Bei den beiden Tatverdächtigen soll es sich um Syrer handeln, erklärte Dominik Mies, Sprecher der Staatsanwaltschaft Hanau, auf Anfrage gegenüber FOCUS Online. Zu Medienberichten, dass sich die Ermittlungen inzwischen auf die zwei festgenommen Tatverdächtigen beschränkten, sagte die Staatsanwaltschaft, dass die Ermittlungen nach eventuell weiteren Tatverdächtigen nach wie vor liefen. “Wir ermitteln in alle Richtungen.”

Hanau: Verletzte in Notaufnahme

Bei den Angriffen sollen vier Männer im Alter zwischen 17 und 26 Jahren verletzt worden sein. Die Opfer stammen aus dem Irak, Syrien und Albanien, erklärte Mies weiter.

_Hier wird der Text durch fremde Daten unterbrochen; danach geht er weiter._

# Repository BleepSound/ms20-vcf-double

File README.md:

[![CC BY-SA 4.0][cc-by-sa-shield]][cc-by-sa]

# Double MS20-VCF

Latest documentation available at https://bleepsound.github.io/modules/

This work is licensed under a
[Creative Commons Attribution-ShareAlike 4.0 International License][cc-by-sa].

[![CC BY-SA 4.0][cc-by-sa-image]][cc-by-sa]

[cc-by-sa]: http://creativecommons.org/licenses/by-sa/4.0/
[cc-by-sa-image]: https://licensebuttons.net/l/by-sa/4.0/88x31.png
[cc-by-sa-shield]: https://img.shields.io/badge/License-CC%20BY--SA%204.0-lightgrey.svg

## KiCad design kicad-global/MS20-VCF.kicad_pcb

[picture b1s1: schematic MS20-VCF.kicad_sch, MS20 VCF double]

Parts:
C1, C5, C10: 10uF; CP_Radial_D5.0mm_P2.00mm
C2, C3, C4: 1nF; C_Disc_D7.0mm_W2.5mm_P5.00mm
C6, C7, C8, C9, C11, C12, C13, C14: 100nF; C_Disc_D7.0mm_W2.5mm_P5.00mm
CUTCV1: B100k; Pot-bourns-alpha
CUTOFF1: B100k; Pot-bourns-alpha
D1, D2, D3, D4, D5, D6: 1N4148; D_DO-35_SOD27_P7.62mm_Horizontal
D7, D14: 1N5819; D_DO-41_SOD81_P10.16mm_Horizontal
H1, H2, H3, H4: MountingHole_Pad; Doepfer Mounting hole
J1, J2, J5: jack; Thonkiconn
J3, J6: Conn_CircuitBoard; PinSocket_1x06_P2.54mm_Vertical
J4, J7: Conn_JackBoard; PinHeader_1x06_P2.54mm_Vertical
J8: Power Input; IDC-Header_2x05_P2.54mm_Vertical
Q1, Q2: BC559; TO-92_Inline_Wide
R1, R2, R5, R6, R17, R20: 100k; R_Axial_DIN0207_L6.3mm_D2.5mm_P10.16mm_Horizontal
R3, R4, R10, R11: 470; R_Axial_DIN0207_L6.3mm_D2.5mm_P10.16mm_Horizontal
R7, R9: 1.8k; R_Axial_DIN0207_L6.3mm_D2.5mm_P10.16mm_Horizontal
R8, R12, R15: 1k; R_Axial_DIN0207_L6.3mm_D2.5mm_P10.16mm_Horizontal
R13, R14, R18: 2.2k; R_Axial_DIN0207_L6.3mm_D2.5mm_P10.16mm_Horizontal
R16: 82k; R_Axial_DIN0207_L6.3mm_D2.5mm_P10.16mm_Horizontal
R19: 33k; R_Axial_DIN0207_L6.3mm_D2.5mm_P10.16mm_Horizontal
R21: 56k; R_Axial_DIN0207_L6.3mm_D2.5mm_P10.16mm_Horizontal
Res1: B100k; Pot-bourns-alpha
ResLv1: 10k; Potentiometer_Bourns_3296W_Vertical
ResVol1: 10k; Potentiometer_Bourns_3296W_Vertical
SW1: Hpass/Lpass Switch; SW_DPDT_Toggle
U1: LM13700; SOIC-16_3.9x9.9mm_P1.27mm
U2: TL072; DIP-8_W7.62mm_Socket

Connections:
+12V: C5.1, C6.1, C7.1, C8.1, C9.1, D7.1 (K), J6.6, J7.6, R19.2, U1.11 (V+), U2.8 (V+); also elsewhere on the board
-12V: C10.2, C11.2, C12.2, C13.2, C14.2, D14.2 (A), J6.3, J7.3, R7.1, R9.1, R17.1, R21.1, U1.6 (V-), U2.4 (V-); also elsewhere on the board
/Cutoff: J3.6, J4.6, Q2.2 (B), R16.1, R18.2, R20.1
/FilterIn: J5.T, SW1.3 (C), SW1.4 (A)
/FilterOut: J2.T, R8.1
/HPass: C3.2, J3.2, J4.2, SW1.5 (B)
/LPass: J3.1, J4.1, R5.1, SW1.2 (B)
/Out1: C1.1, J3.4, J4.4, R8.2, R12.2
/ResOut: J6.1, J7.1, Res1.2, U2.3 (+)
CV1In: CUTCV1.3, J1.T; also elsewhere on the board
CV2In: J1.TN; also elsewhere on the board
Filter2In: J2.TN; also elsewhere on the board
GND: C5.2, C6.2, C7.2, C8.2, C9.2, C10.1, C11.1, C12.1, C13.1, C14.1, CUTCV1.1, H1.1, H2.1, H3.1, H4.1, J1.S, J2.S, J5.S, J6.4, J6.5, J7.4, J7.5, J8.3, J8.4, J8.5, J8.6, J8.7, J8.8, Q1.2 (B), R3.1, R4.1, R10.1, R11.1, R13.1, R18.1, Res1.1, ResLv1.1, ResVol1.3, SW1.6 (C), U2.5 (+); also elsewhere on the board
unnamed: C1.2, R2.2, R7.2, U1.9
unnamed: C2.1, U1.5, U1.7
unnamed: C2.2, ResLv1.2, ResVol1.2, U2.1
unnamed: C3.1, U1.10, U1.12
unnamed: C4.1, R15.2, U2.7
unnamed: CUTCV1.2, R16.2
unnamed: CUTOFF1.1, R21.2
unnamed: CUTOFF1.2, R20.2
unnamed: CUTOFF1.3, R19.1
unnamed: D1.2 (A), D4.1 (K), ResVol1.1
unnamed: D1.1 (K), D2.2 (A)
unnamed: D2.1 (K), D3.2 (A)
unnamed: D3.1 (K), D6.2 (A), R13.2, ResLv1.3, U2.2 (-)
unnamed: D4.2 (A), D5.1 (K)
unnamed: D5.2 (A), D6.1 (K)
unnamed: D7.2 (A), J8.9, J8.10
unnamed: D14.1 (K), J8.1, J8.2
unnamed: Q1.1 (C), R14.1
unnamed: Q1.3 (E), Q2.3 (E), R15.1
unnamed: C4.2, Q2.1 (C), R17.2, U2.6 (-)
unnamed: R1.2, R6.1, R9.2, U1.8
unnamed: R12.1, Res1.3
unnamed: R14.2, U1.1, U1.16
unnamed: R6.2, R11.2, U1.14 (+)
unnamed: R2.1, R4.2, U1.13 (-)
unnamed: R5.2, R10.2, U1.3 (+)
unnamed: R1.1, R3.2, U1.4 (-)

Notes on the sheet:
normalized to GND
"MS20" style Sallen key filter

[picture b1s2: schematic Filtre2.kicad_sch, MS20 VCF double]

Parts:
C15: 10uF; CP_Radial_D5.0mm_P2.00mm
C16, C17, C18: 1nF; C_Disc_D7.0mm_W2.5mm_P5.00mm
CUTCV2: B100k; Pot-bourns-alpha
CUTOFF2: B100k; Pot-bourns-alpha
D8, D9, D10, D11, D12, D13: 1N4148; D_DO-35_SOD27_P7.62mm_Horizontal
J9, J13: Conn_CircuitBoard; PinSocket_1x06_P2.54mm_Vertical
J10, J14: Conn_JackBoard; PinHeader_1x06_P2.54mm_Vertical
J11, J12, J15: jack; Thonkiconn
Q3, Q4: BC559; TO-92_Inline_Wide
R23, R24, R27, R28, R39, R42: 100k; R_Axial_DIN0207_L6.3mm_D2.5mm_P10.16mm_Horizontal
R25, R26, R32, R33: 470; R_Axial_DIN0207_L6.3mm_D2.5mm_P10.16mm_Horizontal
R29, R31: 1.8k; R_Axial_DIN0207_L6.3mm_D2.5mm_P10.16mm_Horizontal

Die Verletzten sollen gegen 22 Uhr am Dienstagabend kurz nacheinander in der Notaufnahme eines Hanauer Klinikums erschienen sein, einige von ihnen mit Stichwunden. “Einer der Angegriffenen schwebte zunächst in Lebensgefahr. Doch inzwischen soll er außer Gefahr sein.”

Bislang keine Hinweise zu politisch motivierter Tat

Zu den Hintergründen der Tat lägen bislang noch keine Information vor, erklärt der Sprecher der Staatsanwaltschaft weiter. “Zum jetzigen Zeitpunkt haben wir keinerlei Hinweise darauf, dass die Angriffe einen politischen oder fremdenfeindlichen Hintergrund haben”, so Mies. Berichte, wonach den Angriffen ein Streit in einem türkischen Imbiss in der Hanauer Innenstadt vorausgegangen war, konnte Mies bislang nicht bestätigen.

Auf die Frage, ob die Tat in irgendeinem Zusammengang mit dem Amoklauf vom 19. Februar stehe, bei der ein 43-Jährige zehn Menschen erschossen hatte, neun davon mit Migrationshintergrund, sagte Mies: “Auch dafür fehlt bislang jeder Hinweis.”

Die Polizei hatte zuvor erklärt, dass die Täter nach den Angriffen geflohen waren. “Die Fahndung lief die ganze Nacht – mit einem Hubschrauber und mehreren Streifenwagen”, sagte ein Sprecher.

Ermittler bitten um Hinweise

Wie die Ermittler weiter mitteilten, trugen die Verdächtigen nach ersten Erkenntnissen fast alle einen Vollbart. Ein Angreifer war demnach etwa 20 Jahre alt, 1,90 Meter groß, muskulös und hatte dunkelblonde Haare. Zu den anderen Tätern lag zunächst keine Beschreibung vor. Zeugen werden gebeten, sich unter der Rufnummer 06181 100-123 zu melden.